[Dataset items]
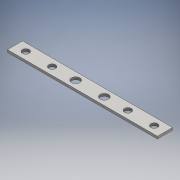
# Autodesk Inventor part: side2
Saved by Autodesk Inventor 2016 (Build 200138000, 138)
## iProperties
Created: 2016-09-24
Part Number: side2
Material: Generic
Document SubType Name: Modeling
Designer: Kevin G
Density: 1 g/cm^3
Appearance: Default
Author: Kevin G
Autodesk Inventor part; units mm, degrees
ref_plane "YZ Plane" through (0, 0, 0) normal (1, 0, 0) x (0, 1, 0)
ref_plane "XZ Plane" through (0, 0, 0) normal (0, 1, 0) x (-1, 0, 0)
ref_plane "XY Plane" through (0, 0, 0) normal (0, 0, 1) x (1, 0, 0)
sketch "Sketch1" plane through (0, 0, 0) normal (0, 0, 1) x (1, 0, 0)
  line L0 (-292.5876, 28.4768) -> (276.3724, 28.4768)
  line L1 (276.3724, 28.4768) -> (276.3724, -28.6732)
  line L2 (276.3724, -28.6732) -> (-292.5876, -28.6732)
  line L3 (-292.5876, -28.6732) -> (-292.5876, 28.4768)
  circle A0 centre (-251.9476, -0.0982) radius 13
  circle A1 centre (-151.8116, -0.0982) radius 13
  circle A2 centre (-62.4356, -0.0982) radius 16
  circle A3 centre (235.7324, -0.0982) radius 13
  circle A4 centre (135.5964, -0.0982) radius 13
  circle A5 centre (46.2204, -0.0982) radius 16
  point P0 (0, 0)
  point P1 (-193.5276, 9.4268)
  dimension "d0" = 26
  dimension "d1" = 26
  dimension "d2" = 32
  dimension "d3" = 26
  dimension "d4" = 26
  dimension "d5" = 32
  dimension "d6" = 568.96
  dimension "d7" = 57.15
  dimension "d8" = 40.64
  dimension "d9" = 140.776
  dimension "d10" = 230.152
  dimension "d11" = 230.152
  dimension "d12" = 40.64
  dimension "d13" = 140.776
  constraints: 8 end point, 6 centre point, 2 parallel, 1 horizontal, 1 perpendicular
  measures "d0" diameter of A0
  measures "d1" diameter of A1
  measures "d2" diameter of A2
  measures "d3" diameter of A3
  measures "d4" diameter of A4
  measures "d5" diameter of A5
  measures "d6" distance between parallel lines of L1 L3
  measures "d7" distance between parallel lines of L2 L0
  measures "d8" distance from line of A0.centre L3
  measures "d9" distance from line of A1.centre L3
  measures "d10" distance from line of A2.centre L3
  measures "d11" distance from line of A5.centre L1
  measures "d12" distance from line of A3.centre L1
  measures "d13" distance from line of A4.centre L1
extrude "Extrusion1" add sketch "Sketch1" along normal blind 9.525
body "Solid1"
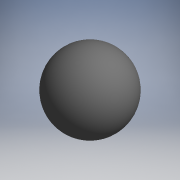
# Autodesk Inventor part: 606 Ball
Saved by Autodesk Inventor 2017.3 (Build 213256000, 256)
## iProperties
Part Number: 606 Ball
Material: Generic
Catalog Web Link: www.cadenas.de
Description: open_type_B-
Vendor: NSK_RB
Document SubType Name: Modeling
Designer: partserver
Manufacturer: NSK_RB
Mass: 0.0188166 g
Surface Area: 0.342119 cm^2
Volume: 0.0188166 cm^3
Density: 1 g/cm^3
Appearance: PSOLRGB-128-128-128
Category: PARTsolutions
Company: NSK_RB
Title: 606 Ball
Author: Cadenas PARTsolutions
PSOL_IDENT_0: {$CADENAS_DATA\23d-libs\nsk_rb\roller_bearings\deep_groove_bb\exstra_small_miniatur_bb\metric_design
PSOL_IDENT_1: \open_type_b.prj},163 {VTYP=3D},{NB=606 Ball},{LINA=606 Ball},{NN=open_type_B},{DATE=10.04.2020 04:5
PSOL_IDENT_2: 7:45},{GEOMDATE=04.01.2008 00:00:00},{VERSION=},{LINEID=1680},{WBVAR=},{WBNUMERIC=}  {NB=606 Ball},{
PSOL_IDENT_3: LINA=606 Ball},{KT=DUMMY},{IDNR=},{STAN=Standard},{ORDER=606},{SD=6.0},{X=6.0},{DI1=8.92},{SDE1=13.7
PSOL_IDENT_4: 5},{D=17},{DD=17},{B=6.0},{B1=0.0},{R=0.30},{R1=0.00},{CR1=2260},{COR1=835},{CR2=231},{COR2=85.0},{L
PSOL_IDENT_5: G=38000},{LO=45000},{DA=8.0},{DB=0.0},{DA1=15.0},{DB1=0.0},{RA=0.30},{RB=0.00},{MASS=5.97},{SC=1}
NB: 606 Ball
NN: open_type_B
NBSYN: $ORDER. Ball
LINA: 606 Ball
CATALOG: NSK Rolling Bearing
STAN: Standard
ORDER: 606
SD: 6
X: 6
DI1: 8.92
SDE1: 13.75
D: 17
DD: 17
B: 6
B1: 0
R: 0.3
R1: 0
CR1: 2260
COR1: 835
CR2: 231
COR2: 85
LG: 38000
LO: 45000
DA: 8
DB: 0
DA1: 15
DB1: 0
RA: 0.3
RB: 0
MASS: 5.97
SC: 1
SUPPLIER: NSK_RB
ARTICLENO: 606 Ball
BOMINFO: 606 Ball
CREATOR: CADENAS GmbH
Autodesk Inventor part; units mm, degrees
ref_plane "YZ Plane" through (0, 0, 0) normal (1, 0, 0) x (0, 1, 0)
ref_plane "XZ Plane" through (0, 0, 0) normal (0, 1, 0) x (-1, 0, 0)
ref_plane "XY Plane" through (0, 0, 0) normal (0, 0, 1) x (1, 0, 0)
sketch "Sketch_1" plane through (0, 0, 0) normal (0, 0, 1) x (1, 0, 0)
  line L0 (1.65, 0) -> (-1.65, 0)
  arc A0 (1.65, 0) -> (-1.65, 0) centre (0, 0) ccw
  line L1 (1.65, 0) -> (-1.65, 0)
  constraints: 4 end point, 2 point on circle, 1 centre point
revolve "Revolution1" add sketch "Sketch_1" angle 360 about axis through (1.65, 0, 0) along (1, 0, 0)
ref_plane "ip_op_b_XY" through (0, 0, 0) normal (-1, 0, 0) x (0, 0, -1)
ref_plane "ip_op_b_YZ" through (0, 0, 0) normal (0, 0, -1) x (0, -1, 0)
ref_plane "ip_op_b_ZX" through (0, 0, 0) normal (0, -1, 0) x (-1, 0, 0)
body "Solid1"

- Task to complete -
Drop the pictures and set down the data above exactly.

- Exercise solution -
# Autodesk Inventor part: side2
Saved by Autodesk Inventor 2016 (Build 200138000, 138)
## iProperties
Created: 2016-09-24
Part Number: side2
Material: Generic
Document SubType Name: Modeling
Designer: Kevin G
Density: 1 g/cm^3
Appearance: Default
Author: Kevin G
Autodesk Inventor part; units mm, degrees
ref_plane "YZ Plane" through (0, 0, 0) normal (1, 0, 0) x (0, 1, 0)
ref_plane "XZ Plane" through (0, 0, 0) normal (0, 1, 0) x (-1, 0, 0)
ref_plane "XY Plane" through (0, 0, 0) normal (0, 0, 1) x (1, 0, 0)
sketch "Sketch1" plane through (0, 0, 0) normal (0, 0, 1) x (1, 0, 0)
  line L0 (-292.5876, 28.4768) -> (276.3724, 28.4768)
  line L1 (276.3724, 28.4768) -> (276.3724, -28.6732)
  line L2 (276.3724, -28.6732) -> (-292.5876, -28.6732)
  line L3 (-292.5876, -28.6732) -> (-292.5876, 28.4768)
  circle A0 centre (-251.9476, -0.0982) radius 13
  circle A1 centre (-151.8116, -0.0982) radius 13
  circle A2 centre (-62.4356, -0.0982) radius 16
  circle A3 centre (235.7324, -0.0982) radius 13
  circle A4 centre (135.5964, -0.0982) radius 13
  circle A5 centre (46.2204, -0.0982) radius 16
  point P0 (0, 0)
  point P1 (-193.5276, 9.4268)
  dimension "d0" = 26
  dimension "d1" = 26
  dimension "d2" = 32
  dimension "d3" = 26
  dimension "d4" = 26
  dimension "d5" = 32
  dimension "d6" = 568.96
  dimension "d7" = 57.15
  dimension "d8" = 40.64
  dimension "d9" = 140.776
  dimension "d10" = 230.152
  dimension "d11" = 230.152
  dimension "d12" = 40.64
  dimension "d13" = 140.776
  constraints: 8 end point, 6 centre point, 2 parallel, 1 horizontal, 1 perpendicular
  measures "d0" diameter of A0
  measures "d1" diameter of A1
  measures "d2" diameter of A2
  measures "d3" diameter of A3
  measures "d4" diameter of A4
  measures "d5" diameter of A5
  measures "d6" distance between parallel lines of L1 L3
  measures "d7" distance between parallel lines of L2 L0
  measures "d8" distance from line of A0.centre L3
  measures "d9" distance from line of A1.centre L3
  measures "d10" distance from line of A2.centre L3
  measures "d11" distance from line of A5.centre L1
  measures "d12" distance from line of A3.centre L1
  measures "d13" distance from line of A4.centre L1
extrude "Extrusion1" add sketch "Sketch1" along normal blind 9.525
body "Solid1"
# Autodesk Inventor part: 606 Ball
Saved by Autodesk Inventor 2017.3 (Build 213256000, 256)
## iProperties
Part Number: 606 Ball
Material: Generic
Catalog Web Link: www.cadenas.de
Description: open_type_B-
Vendor: NSK_RB
Document SubType Name: Modeling
Designer: partserver
Manufacturer: NSK_RB
Mass: 0.0188166 g
Surface Area: 0.342119 cm^2
Volume: 0.0188166 cm^3
Density: 1 g/cm^3
Appearance: PSOLRGB-128-128-128
Category: PARTsolutions
Company: NSK_RB
Title: 606 Ball
Author: Cadenas PARTsolutions
PSOL_IDENT_0: {$CADENAS_DATA\23d-libs\nsk_rb\roller_bearings\deep_groove_bb\exstra_small_miniatur_bb\metric_design
PSOL_IDENT_1: \open_type_b.prj},163 {VTYP=3D},{NB=606 Ball},{LINA=606 Ball},{NN=open_type_B},{DATE=10.04.2020 04:5
PSOL_IDENT_2: 7:45},{GEOMDATE=04.01.2008 00:00:00},{VERSION=},{LINEID=1680},{WBVAR=},{WBNUMERIC=}  {NB=606 Ball},{
PSOL_IDENT_3: LINA=606 Ball},{KT=DUMMY},{IDNR=},{STAN=Standard},{ORDER=606},{SD=6.0},{X=6.0},{DI1=8.92},{SDE1=13.7
PSOL_IDENT_4: 5},{D=17},{DD=17},{B=6.0},{B1=0.0},{R=0.30},{R1=0.00},{CR1=2260},{COR1=835},{CR2=231},{COR2=85.0},{L
PSOL_IDENT_5: G=38000},{LO=45000},{DA=8.0},{DB=0.0},{DA1=15.0},{DB1=0.0},{RA=0.30},{RB=0.00},{MASS=5.97},{SC=1}
NB: 606 Ball
NN: open_type_B
NBSYN: $ORDER. Ball
LINA: 606 Ball
CATALOG: NSK Rolling Bearing
STAN: Standard
ORDER: 606
SD: 6
X: 6
DI1: 8.92
SDE1: 13.75
D: 17
DD: 17
B: 6
B1: 0
R: 0.3
R1: 0
CR1: 2260
COR1: 835
CR2: 231
COR2: 85
LG: 38000
LO: 45000
DA: 8
DB: 0
DA1: 15
DB1: 0
RA: 0.3
RB: 0
MASS: 5.97
SC: 1
SUPPLIER: NSK_RB
ARTICLENO: 606 Ball
BOMINFO: 606 Ball
CREATOR: CADENAS GmbH
Autodesk Inventor part; units mm, degrees
ref_plane "YZ Plane" through (0, 0, 0) normal (1, 0, 0) x (0, 1, 0)
ref_plane "XZ Plane" through (0, 0, 0) normal (0, 1, 0) x (-1, 0, 0)
ref_plane "XY Plane" through (0, 0, 0) normal (0, 0, 1) x (1, 0, 0)
sketch "Sketch_1" plane through (0, 0, 0) normal (0, 0, 1) x (1, 0, 0)
  line L0 (1.65, 0) -> (-1.65, 0)
  arc A0 (1.65, 0) -> (-1.65, 0) centre (0, 0) ccw
  line L1 (1.65, 0) -> (-1.65, 0)
  constraints: 4 end point, 2 point on circle, 1 centre point
revolve "Revolution1" add sketch "Sketch_1" angle 360 about axis through (1.65, 0, 0) along (1, 0, 0)
ref_plane "ip_op_b_XY" through (0, 0, 0) normal (-1, 0, 0) x (0, 0, -1)
ref_plane "ip_op_b_YZ" through (0, 0, 0) normal (0, 0, -1) x (0, -1, 0)
ref_plane "ip_op_b_ZX" through (0, 0, 0) normal (0, -1, 0) x (-1, 0, 0)
body "Solid1"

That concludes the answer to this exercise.